The leadership could not keep Germanicus’s discovery secret. Precaution and panic at the rumor of plague damaged the life of the island over the following year. The South Georgians had endured defeat, massacre, starvation, increasingly brutal winters as the ice pack seemed to creep north each year, even the cholera that drove the Volunteers from Port Stanley. The plague was profoundly different for them. It was an antediluvian foe, merciless, sudden. It was also a biblical curse. The South Georgians were a seafaring people, enjoying the bounty of and the crash of the weather and sea, a volatile mixture of God-fearing stoics and blasphemous doubters. They did know their Bible. They were at elemental extremes. The plague, the rumor of plague, was for them less to be explained by Lazarus’s talk of the results of political tyranny in overcrowded lands torn apart by racial and religious and economic fears than it was to be explained simply and dreadfully as a judgment of Longfaeroe’s Jehovah. Even the doubters like the sealers, like Christmas Muir, who said they had no time to be Christian, were touched by the shadow of plague. There was a terror and completeness to it that they could not block out with their hard-mindedness. The Patties they could fight with blood. The cholera they could fight with sanitation. The cold they could fight with expertise. The starvation they could fight with rationing and summer dashes to Africa for grain, vegetables, fruit. But the plague, the rumor of plague, it rocked them. They knew it could be fought, but it was in their minds long before it could have been in their bodies, and there it wrecked more havoc to reason than it might ever have done to their health, there it made the defiant feel doomed in their stand, there it made them abandon decency for cruel decisions. I am not saying they were the toughest people who ever gripped the earth or sailed the seas, but they were heirs of that lot, and it was not enough.

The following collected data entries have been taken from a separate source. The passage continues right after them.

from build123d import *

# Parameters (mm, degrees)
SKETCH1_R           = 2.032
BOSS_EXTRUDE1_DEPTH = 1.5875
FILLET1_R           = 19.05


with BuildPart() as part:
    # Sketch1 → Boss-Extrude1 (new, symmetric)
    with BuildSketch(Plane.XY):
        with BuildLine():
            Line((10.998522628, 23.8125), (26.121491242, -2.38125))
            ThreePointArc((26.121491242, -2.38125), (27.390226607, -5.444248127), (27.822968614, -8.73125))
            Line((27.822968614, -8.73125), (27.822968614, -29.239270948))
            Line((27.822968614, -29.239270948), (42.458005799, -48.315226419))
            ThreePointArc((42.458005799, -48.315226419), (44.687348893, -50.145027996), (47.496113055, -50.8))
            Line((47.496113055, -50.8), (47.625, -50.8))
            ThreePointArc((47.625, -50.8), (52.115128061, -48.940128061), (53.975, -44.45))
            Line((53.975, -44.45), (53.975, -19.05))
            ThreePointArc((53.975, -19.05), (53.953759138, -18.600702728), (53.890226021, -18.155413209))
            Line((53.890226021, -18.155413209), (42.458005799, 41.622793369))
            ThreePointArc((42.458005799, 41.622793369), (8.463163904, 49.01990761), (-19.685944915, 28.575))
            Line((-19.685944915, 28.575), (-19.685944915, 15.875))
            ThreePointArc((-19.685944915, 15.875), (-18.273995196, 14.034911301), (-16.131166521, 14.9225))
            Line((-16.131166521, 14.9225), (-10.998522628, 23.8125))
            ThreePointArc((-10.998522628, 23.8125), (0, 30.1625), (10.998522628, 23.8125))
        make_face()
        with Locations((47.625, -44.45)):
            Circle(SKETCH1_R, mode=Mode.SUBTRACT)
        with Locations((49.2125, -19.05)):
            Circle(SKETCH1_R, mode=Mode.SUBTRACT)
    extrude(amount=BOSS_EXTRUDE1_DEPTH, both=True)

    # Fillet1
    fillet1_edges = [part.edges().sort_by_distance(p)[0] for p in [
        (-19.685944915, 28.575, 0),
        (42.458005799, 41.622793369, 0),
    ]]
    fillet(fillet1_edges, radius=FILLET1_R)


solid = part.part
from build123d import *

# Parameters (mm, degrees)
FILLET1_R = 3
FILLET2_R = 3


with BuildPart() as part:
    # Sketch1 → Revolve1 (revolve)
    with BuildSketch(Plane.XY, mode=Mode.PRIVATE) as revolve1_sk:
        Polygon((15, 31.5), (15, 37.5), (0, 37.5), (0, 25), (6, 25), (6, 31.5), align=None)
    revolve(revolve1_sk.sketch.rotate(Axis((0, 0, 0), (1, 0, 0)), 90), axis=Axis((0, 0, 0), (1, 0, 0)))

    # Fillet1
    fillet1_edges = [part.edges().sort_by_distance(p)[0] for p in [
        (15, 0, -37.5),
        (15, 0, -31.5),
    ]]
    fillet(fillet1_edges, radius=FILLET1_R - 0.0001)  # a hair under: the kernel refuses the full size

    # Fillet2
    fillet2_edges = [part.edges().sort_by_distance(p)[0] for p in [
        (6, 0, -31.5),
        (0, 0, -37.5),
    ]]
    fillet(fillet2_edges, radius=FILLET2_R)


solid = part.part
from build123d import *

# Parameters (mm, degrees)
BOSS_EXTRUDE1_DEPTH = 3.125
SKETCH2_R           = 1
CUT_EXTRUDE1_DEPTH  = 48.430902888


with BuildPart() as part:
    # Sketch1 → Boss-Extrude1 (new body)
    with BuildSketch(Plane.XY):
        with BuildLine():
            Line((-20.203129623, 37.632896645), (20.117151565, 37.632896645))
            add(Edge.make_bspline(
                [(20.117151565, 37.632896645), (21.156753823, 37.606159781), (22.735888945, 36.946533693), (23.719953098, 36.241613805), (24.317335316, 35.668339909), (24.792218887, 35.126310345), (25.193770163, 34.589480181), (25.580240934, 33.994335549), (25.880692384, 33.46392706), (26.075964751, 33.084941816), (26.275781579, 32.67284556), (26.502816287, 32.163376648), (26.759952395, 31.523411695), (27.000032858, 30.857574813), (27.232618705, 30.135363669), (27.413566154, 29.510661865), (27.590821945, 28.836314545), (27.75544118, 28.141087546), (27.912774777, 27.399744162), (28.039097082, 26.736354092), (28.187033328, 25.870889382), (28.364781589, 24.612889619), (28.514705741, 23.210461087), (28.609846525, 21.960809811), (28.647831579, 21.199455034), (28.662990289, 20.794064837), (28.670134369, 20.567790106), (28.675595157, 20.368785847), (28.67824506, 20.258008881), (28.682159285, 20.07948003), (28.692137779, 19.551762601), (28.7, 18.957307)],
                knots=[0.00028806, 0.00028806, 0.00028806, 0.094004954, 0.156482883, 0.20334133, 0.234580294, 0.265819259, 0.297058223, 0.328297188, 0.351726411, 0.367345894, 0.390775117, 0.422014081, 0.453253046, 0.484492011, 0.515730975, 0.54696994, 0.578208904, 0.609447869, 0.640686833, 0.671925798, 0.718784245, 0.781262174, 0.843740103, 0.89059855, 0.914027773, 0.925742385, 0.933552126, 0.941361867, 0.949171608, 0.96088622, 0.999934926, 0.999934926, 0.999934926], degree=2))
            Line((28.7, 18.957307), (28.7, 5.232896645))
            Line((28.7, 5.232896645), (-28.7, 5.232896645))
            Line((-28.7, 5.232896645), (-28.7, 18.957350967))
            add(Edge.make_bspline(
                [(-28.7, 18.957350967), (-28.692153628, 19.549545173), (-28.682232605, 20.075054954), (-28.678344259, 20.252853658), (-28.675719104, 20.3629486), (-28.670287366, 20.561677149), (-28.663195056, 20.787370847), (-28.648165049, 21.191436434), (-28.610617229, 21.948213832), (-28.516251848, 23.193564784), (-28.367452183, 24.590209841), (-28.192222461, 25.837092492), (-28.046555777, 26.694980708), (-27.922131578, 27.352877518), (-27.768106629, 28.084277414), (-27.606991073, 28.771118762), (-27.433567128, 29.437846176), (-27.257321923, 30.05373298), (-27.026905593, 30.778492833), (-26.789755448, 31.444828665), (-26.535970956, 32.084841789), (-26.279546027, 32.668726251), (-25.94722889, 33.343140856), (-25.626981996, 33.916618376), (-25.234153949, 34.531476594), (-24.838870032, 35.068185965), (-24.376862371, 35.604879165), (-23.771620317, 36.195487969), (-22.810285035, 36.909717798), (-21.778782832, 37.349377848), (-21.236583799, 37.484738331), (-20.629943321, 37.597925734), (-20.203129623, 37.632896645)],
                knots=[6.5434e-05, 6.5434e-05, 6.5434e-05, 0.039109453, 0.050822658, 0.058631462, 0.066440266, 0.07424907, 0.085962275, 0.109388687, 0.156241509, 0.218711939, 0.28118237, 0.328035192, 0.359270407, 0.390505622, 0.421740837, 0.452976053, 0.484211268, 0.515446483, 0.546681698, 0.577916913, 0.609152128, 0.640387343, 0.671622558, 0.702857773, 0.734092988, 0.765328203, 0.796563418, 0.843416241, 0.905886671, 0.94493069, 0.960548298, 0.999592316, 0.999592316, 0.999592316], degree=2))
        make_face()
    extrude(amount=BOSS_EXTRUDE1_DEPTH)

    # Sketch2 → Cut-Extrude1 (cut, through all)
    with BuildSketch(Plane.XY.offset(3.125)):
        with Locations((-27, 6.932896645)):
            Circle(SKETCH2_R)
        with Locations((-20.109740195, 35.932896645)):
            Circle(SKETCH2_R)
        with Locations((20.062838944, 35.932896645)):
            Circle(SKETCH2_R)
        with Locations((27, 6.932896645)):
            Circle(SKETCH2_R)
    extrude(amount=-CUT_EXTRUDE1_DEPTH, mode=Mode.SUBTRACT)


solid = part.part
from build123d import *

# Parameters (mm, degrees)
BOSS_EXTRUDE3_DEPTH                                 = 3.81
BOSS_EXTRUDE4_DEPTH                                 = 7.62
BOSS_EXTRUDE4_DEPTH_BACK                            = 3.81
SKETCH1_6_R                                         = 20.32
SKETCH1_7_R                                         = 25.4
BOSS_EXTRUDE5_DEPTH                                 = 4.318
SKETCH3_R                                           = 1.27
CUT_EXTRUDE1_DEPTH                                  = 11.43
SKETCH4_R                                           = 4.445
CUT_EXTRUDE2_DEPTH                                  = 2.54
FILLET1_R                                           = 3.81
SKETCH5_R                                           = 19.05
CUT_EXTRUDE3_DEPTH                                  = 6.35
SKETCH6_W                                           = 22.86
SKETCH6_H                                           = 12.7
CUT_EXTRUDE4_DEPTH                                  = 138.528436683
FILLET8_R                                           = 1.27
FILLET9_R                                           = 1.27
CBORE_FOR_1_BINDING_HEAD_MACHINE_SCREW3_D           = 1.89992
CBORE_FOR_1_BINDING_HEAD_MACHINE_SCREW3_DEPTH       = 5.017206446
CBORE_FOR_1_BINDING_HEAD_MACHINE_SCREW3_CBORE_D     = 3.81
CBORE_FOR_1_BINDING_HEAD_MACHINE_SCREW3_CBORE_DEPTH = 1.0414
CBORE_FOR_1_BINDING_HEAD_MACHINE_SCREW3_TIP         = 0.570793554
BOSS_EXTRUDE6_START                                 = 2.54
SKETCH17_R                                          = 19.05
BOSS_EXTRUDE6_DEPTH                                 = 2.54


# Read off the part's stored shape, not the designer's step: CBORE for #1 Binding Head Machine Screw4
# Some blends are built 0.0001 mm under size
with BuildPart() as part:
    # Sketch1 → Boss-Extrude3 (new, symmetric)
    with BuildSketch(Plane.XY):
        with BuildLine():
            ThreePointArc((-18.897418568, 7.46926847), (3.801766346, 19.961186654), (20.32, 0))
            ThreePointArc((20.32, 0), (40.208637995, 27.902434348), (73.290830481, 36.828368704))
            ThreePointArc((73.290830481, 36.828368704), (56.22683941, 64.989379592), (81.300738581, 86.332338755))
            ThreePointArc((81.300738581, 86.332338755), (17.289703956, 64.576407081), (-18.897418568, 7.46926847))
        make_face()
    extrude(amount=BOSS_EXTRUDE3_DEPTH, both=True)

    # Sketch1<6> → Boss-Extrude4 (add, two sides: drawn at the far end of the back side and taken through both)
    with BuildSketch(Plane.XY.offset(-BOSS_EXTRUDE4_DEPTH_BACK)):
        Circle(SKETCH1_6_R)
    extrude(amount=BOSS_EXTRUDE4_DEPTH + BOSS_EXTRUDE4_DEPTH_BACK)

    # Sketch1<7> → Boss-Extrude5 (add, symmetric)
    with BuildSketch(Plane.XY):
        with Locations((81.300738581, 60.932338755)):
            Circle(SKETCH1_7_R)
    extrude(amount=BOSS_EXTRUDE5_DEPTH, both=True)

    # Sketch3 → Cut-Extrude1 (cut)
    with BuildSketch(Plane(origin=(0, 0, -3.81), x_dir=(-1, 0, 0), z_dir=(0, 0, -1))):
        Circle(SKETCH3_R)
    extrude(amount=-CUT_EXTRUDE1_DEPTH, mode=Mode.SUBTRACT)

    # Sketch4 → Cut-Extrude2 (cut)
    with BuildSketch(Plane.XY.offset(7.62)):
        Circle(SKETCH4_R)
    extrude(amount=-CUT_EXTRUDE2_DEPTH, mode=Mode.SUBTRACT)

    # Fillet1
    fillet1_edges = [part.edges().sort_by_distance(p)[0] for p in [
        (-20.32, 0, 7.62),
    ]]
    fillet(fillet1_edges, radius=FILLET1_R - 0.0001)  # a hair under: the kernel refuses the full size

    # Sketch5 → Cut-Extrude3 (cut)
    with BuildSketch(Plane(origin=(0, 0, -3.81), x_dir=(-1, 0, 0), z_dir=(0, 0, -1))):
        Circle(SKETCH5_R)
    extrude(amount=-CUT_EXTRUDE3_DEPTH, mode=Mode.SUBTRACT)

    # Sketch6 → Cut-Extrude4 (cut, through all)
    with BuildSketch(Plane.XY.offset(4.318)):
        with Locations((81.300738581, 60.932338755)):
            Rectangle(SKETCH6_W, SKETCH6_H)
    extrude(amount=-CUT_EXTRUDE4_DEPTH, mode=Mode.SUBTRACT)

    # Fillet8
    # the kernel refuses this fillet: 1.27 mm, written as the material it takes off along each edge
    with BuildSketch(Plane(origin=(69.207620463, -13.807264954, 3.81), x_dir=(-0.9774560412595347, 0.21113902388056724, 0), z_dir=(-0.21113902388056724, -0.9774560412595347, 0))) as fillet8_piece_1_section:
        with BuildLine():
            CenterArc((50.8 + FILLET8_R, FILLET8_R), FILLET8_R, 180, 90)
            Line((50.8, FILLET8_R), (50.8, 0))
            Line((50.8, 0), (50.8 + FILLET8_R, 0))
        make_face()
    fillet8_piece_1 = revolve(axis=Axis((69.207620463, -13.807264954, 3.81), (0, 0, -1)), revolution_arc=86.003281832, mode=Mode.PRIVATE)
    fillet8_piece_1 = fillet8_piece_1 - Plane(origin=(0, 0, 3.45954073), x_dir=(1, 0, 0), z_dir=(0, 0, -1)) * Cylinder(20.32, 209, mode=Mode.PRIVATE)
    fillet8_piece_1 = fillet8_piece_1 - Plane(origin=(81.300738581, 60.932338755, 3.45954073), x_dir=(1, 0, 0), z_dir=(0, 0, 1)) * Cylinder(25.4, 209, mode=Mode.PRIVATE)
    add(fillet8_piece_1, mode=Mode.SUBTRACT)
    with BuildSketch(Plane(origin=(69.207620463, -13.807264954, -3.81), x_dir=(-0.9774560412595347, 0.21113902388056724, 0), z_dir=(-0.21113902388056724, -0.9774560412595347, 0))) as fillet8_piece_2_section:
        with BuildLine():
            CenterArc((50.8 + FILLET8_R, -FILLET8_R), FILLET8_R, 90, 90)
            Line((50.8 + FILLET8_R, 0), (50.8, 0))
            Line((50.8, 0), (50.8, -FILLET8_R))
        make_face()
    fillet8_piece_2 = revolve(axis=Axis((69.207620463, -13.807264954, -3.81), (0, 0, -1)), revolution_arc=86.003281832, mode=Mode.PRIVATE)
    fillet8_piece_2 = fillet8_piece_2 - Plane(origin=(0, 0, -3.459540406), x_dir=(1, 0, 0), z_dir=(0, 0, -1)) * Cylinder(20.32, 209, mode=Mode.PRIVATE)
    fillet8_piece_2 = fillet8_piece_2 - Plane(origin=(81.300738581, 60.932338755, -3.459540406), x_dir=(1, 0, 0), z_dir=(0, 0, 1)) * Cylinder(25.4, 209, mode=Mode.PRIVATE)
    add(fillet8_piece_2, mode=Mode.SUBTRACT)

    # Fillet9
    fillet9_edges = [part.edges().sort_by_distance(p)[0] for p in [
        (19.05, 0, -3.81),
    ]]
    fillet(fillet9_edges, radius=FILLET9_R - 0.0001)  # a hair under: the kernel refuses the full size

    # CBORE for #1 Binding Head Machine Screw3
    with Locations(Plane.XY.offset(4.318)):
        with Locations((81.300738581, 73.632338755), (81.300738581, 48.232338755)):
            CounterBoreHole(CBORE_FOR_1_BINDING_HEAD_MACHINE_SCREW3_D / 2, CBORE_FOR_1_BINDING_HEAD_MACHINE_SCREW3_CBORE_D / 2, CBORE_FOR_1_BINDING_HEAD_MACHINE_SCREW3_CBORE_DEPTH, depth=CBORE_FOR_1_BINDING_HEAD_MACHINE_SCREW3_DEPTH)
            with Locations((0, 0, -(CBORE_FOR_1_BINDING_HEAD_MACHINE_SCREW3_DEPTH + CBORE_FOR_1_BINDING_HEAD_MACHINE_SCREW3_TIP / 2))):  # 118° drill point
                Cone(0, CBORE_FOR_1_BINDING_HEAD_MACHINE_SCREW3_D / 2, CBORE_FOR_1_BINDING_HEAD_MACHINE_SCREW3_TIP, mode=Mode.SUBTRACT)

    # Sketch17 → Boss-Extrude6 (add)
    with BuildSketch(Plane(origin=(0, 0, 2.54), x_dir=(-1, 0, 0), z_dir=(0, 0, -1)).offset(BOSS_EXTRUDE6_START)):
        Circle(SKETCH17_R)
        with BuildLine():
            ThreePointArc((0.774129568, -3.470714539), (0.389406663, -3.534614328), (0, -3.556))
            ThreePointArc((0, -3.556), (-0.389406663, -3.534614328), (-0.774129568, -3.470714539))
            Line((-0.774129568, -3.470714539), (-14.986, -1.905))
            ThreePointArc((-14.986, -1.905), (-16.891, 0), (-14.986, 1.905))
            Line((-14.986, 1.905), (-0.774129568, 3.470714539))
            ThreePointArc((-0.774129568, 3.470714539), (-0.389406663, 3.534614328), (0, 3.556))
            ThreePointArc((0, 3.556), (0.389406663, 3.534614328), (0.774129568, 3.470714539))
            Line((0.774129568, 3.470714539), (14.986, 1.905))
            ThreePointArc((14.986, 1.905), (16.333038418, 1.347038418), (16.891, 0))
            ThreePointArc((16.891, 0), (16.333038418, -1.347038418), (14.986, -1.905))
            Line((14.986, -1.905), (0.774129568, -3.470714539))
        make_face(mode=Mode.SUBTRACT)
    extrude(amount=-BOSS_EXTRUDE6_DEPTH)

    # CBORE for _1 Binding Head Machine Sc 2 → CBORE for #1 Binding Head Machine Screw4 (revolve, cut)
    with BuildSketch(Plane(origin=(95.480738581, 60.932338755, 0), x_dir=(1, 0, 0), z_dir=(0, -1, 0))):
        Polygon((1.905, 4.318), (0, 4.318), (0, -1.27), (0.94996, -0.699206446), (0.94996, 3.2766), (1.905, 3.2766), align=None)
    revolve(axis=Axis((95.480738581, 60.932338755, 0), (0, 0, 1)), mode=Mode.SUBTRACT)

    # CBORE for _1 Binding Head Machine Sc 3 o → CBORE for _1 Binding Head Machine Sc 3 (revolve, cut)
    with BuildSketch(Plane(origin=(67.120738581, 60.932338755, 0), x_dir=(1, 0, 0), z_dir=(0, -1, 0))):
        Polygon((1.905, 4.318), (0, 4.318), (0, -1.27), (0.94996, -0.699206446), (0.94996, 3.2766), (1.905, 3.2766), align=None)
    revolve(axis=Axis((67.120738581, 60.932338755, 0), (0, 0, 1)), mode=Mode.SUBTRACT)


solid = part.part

South Georgia is a one-hundred-and-forty-mile-long aquamarine rock, mountainous, heath-mantled, treeless, wind-scourged, battered by the stone-gray seas of what the sealers called the “filthy fifties.” This might sound desolate. It is, but also astonishing, haunting—misty blue peaks capped year-long with snow, naked heath laced with green fingers of fresh water. It is never more than ten miles wide except at its fat southern end, Cape Disappointment. It lies in a sailing arc between Cape Horn, a thousand miles upwind, and the Cape of Good Hope, twenty-five hundred miles downwind. In summer, it is gale-tossed, drenched, humid, at once sun-touched and cloud-tipped. In winter, it is deadly cold, dark gray, usually several hundred miles beyond the limit of the pack ice. In spring and fall, it enjoys violent changes of weather, is scraped by the passing of bergy bits and, in the spring, an occasional passing of an enormous ice island calved from the Antarctic ice shelf. At least that was the case for my first five years there. South Georgia’s weather is usually determined by the fact that it sits atop the Scotia Ridge that surrounds the Scotia Sea, a bottomless, ice-clogged cauldron suited for whales and storms and little else. As Christmas Muir said, it is the sort of sea one could understand God granting the Scots.

The spine of South Georgia is a sharp-peaked hornstone mountain range cut intermittently by craggy ravines pitted with caves through which the wind rushes year-long. That island could sing; it could also scream. The main settlement, Grytviken, was on the lee shore, on the vast Cumberland Bay, and consisted of stone and sod and imported wood-built houses tumbled atop each other, a smooth plateau that was the marketplace, several wharfs and many warehouses surrounding the sprawling whaling factory that was the primary industry of the island, and a half-built submarine pen down the bay left over from the Second World War.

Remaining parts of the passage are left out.